Korzyści z organizacji mistrzostw Europy w piłce nożnej jest wiele. Czasu, żeby się nie skompromitować coraz mniej. Zdążymy? „Nie będzie to proste" - mówią uczestnicy debaty o Euro 2012 podczas XVII Forum Ekonomicznego w Krynicy.
Odpowiedź na pytanie, które jednocześnie było tematem debaty, czyli „Jak EURO 2012 zmieni Polskę i Ukrainę?" jest oczywista. Zwiększenie możliwości inwestowania w obu krajach, poprawa infrastruktury, ogromna reklama na arenie międzynarodowej, rozwój polskiej piłki.
Jednak tak często jak mówiono o plusach płynących z organizacji Euro, tak zastanawiano się, czy Polsce uda się zrealizować stawiane przed nią cele.
Przed samorozwiązaniem Sejm przyjął rządowy projekt ustawy o Euro 2012. To jednak jest tak na prawdę kropla w morzu potrzeb.
Furgalski: Unijnych pieniędzy nie starczy. To pewne.
„Wciąż ten parlament nie dopracował się pilnych zmian w dwudziestu ustawach zawierających około dwustu poprawek do prawa przetargowego, ustawy o ochronie środowiska, prawo zagospodarowania przestrzennego etc." - mówi Adrian Furgalski, Zespół Doradców Gospodarczych TOR.
A to dopiero początek problemów. „Można przypuszczać, że gdy rządy obejmie nowa ekipa, to zanim przejrzą papiery znowu stracimy cenny czas" - dodaje Furgalski.
Również w relacjach z Ukrainą uczestnicy debaty widzą pewien problem. Chodzi o lotnicze połączenia z naszym wschodnim sąsiadem. „Na razie mamy dosyć socjalistyczną umowę o ruchu dwustronnym, która ogranicza siatkę połączeń lotniczych. Ukraińcy boją się, że jeżeli otworzą swój rynek, tak jak zrobiła to Polska w 2004 r. np. na tanie linie, to ich linie po prostu zbankrutują" - mówi Furgalski.
Pewne przyspieszenie jednak można zauważyć. Uczestnicy debaty zwracali uwagę na inwestycje dofinansowywane przez Unię. Mowa o zmianie terminów realizacji ważnych projektów.
Kwieciński: Realizację projektów przyspieszyliśmy i dodaliśmy nowe
„Wcześniej zakończenie tych projektów było planowane na lata 2013 - 2015, a w tej chwili założyliśmy przyspieszenie tych projektów na lata 2012 - 2013" - mówi Jerzy Kwieciński, wiceminister Rozwoju Regionalnego i podkreśla: „To nie jest oczywiście tylko zmiana na papierze. To oznacza bardzo silną mobilizację wszystkich tych instytucji, które za to odpowiadają".

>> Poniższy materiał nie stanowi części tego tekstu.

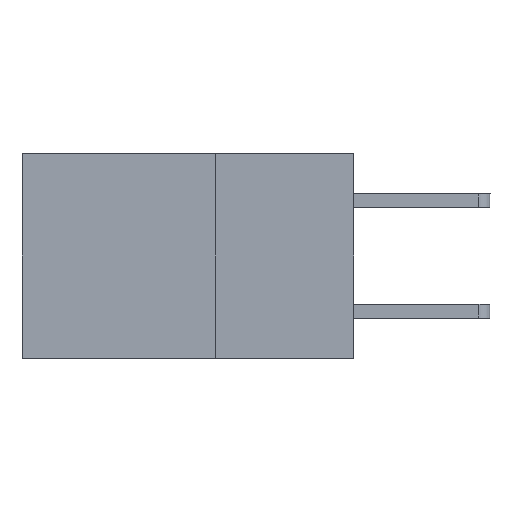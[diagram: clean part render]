
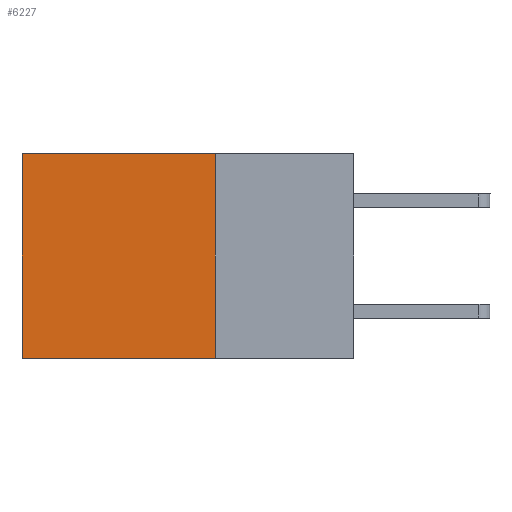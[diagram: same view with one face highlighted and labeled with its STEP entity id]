
A CAD part, left-side view. The second image highlights one B-rep face of the part: STEP entity #6227.
In plain terms, the highlighted planar face has unit normal (-1, 0, 0).
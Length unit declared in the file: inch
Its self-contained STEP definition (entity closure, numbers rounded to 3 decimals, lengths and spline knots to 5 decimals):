
#250 = EDGE_CURVE ( 'NONE', #2019, #9545, #1169, .T. ) ;
#469 = CARTESIAN_POINT ( 'NONE',  ( 0.2875, 0.25, 0. ) ) ;
#666 = EDGE_CURVE ( 'NONE', #9545, #2735, #5500, .T. ) ;
#684 = CARTESIAN_POINT ( 'NONE',  ( 0.2875, 0.25, -0.37 ) ) ;
#1169 = LINE ( 'NONE', #469, #5364 ) ;
#1624 = CARTESIAN_POINT ( 'NONE',  ( 0.2875, 0.6, 0. ) ) ;
#1660 = CARTESIAN_POINT ( 'NONE',  ( 0.2875, 0.25, 0. ) ) ;
#2019 = VERTEX_POINT ( 'NONE', #1660 ) ;
#2030 = VERTEX_POINT ( 'NONE', #1624 ) ;
#2270 = EDGE_CURVE ( 'NONE', #2030, #2735, #8632, .T. ) ;
#2735 = VERTEX_POINT ( 'NONE', #4778 ) ;
#3015 = CARTESIAN_POINT ( 'NONE',  ( 0.2875, 0.25, 0. ) ) ;
#3053 = ORIENTED_EDGE ( 'NONE', *, *, #250, .F. ) ;
#3121 = ORIENTED_EDGE ( 'NONE', *, *, #2270, .T. ) ;
#3467 = VECTOR ( 'NONE', #4651, 39.37008 ) ;
#3546 = ORIENTED_EDGE ( 'NONE', *, *, #666, .F. ) ;
#3778 = DIRECTION ( 'NONE',  ( 1., 0., 0. ) ) ;
#4264 = ORIENTED_EDGE ( 'NONE', *, *, #9008, .T. ) ;
#4651 = DIRECTION ( 'NONE',  ( 0., 1., 0. ) ) ;
#4756 = CARTESIAN_POINT ( 'NONE',  ( 0.2875, 0.25, -0.37 ) ) ;
#4778 = CARTESIAN_POINT ( 'NONE',  ( 0.2875, 0.6, -0.37 ) ) ;
#4825 = DIRECTION ( 'NONE',  ( 0., 1., 0. ) ) ;
#4881 = VECTOR ( 'NONE', #4921, 39.37008 ) ;
#4921 = DIRECTION ( 'NONE',  ( 0., 0., -1. ) ) ;
#5364 = VECTOR ( 'NONE', #9367, 39.37008 ) ;
#5409 = EDGE_LOOP ( 'NONE', ( #3121, #3546, #3053, #4264 ) ) ;
#5500 = LINE ( 'NONE', #4756, #3467 ) ;
#6227 = ADVANCED_FACE ( 'NONE', ( #8338 ), #7550, .F. ) ;
#6886 = LINE ( 'NONE', #8568, #8619 ) ;
#7550 = PLANE ( 'NONE',  #9342 ) ;
#8338 = FACE_OUTER_BOUND ( 'NONE', #5409, .T. ) ;
#8568 = CARTESIAN_POINT ( 'NONE',  ( 0.2875, 0.25, 0. ) ) ;
#8619 = VECTOR ( 'NONE', #4825, 39.37008 ) ;
#8632 = LINE ( 'NONE', #9391, #4881 ) ;
#9008 = EDGE_CURVE ( 'NONE', #2019, #2030, #6886, .T. ) ;
#9037 = DIRECTION ( 'NONE',  ( 0., 0., -1. ) ) ;
#9342 = AXIS2_PLACEMENT_3D ( 'NONE', #3015, #3778, #9037 ) ;
#9367 = DIRECTION ( 'NONE',  ( 0., 0., -1. ) ) ;
#9391 = CARTESIAN_POINT ( 'NONE',  ( 0.2875, 0.6, 0. ) ) ;
#9545 = VERTEX_POINT ( 'NONE', #684 ) ;
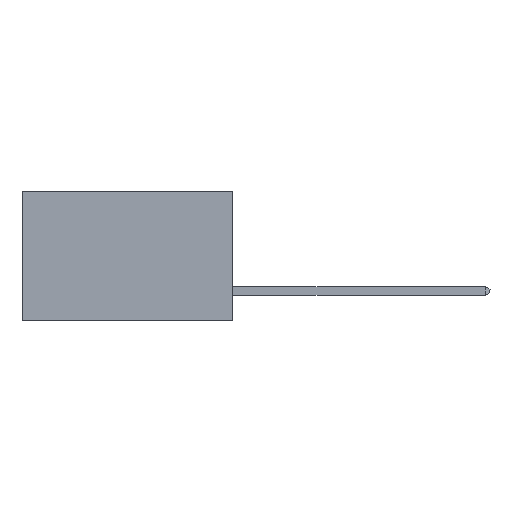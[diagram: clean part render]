
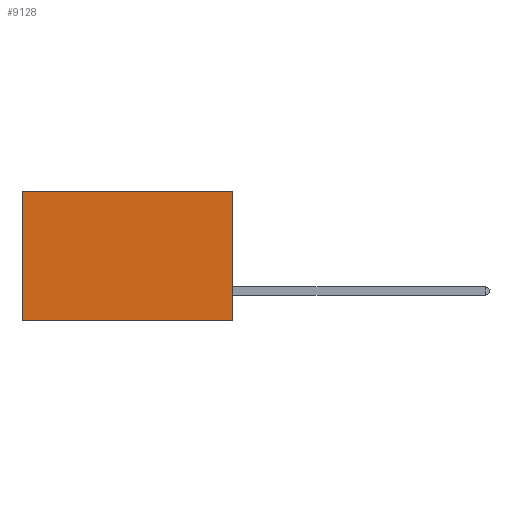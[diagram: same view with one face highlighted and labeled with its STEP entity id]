
A CAD part, left-side view. The second image highlights one B-rep face of the part: STEP entity #9128.
In plain terms, the highlighted planar face has unit normal (-1, 0, 0).
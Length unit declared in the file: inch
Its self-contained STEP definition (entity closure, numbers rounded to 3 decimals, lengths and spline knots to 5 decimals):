
#180 = EDGE_CURVE ( 'NONE', #11958, #5590, #4263, .T. ) ;
#470 = CARTESIAN_POINT ( 'NONE',  ( 0.2875, 0.6, -0.37 ) ) ;
#524 = LINE ( 'NONE', #17050, #9065 ) ;
#827 = DIRECTION ( 'NONE',  ( 1., 0., 0. ) ) ;
#1309 = VECTOR ( 'NONE', #6107, 39.37008 ) ;
#1688 = VECTOR ( 'NONE', #8096, 39.37008 ) ;
#2196 = LINE ( 'NONE', #5842, #7561 ) ;
#3175 = CARTESIAN_POINT ( 'NONE',  ( 0.2875, 0.6, 0. ) ) ;
#4263 = LINE ( 'NONE', #14946, #1688 ) ;
#4926 = LINE ( 'NONE', #3175, #1309 ) ;
#5140 = ORIENTED_EDGE ( 'NONE', *, *, #13644, .T. ) ;
#5590 = VERTEX_POINT ( 'NONE', #17749 ) ;
#5842 = CARTESIAN_POINT ( 'NONE',  ( 0.2875, 0., 0. ) ) ;
#6107 = DIRECTION ( 'NONE',  ( 0., 0., -1. ) ) ;
#6127 = FACE_OUTER_BOUND ( 'NONE', #12993, .T. ) ;
#6443 = CARTESIAN_POINT ( 'NONE',  ( 0.2875, 0., 0. ) ) ;
#6868 = VERTEX_POINT ( 'NONE', #13337 ) ;
#7561 = VECTOR ( 'NONE', #11739, 39.37008 ) ;
#7976 = AXIS2_PLACEMENT_3D ( 'NONE', #6443, #827, #8930 ) ;
#8014 = CARTESIAN_POINT ( 'NONE',  ( 0.2875, 0., 0. ) ) ;
#8096 = DIRECTION ( 'NONE',  ( 0., 0., -1. ) ) ;
#8930 = DIRECTION ( 'NONE',  ( 0., 0., -1. ) ) ;
#9065 = VECTOR ( 'NONE', #14382, 39.37008 ) ;
#9128 = ADVANCED_FACE ( 'NONE', ( #6127 ), #17220, .F. ) ;
#9586 = ORIENTED_EDGE ( 'NONE', *, *, #15569, .F. ) ;
#10644 = ORIENTED_EDGE ( 'NONE', *, *, #180, .F. ) ;
#11739 = DIRECTION ( 'NONE',  ( 0., 1., 0. ) ) ;
#11958 = VERTEX_POINT ( 'NONE', #8014 ) ;
#12715 = VERTEX_POINT ( 'NONE', #470 ) ;
#12842 = ORIENTED_EDGE ( 'NONE', *, *, #16418, .T. ) ;
#12993 = EDGE_LOOP ( 'NONE', ( #5140, #9586, #10644, #12842 ) ) ;
#13337 = CARTESIAN_POINT ( 'NONE',  ( 0.2875, 0.6, 0. ) ) ;
#13644 = EDGE_CURVE ( 'NONE', #6868, #12715, #4926, .T. ) ;
#14382 = DIRECTION ( 'NONE',  ( 0., 1., 0. ) ) ;
#14946 = CARTESIAN_POINT ( 'NONE',  ( 0.2875, 0., 0. ) ) ;
#15569 = EDGE_CURVE ( 'NONE', #5590, #12715, #524, .T. ) ;
#16418 = EDGE_CURVE ( 'NONE', #11958, #6868, #2196, .T. ) ;
#17050 = CARTESIAN_POINT ( 'NONE',  ( 0.2875, 0., -0.37 ) ) ;
#17220 = PLANE ( 'NONE',  #7976 ) ;
#17749 = CARTESIAN_POINT ( 'NONE',  ( 0.2875, 0., -0.37 ) ) ;

Z tym ostatnim zdaniem niektórych uczestników debaty mogą być problemy. „Próba przyspieszenia tego procesu to niezwykle trudne zadanie" - mówi Jan Krzysztof Bielecki, Prezes Zarządu, Bank Pekao S.A.
Uczestnicy debaty zgadzają się, że jeżeli działać to nie na ostatnią chwilę. Z organizacją Euro 2012 można zdążyć. Co jest potrzebne do mobilizacji? Ludzie, struktury, programy i pieniądze. „Jeżeli się to wszystko ze sobą dobrze poskłada to zdążymy" - mówi Kwieciński.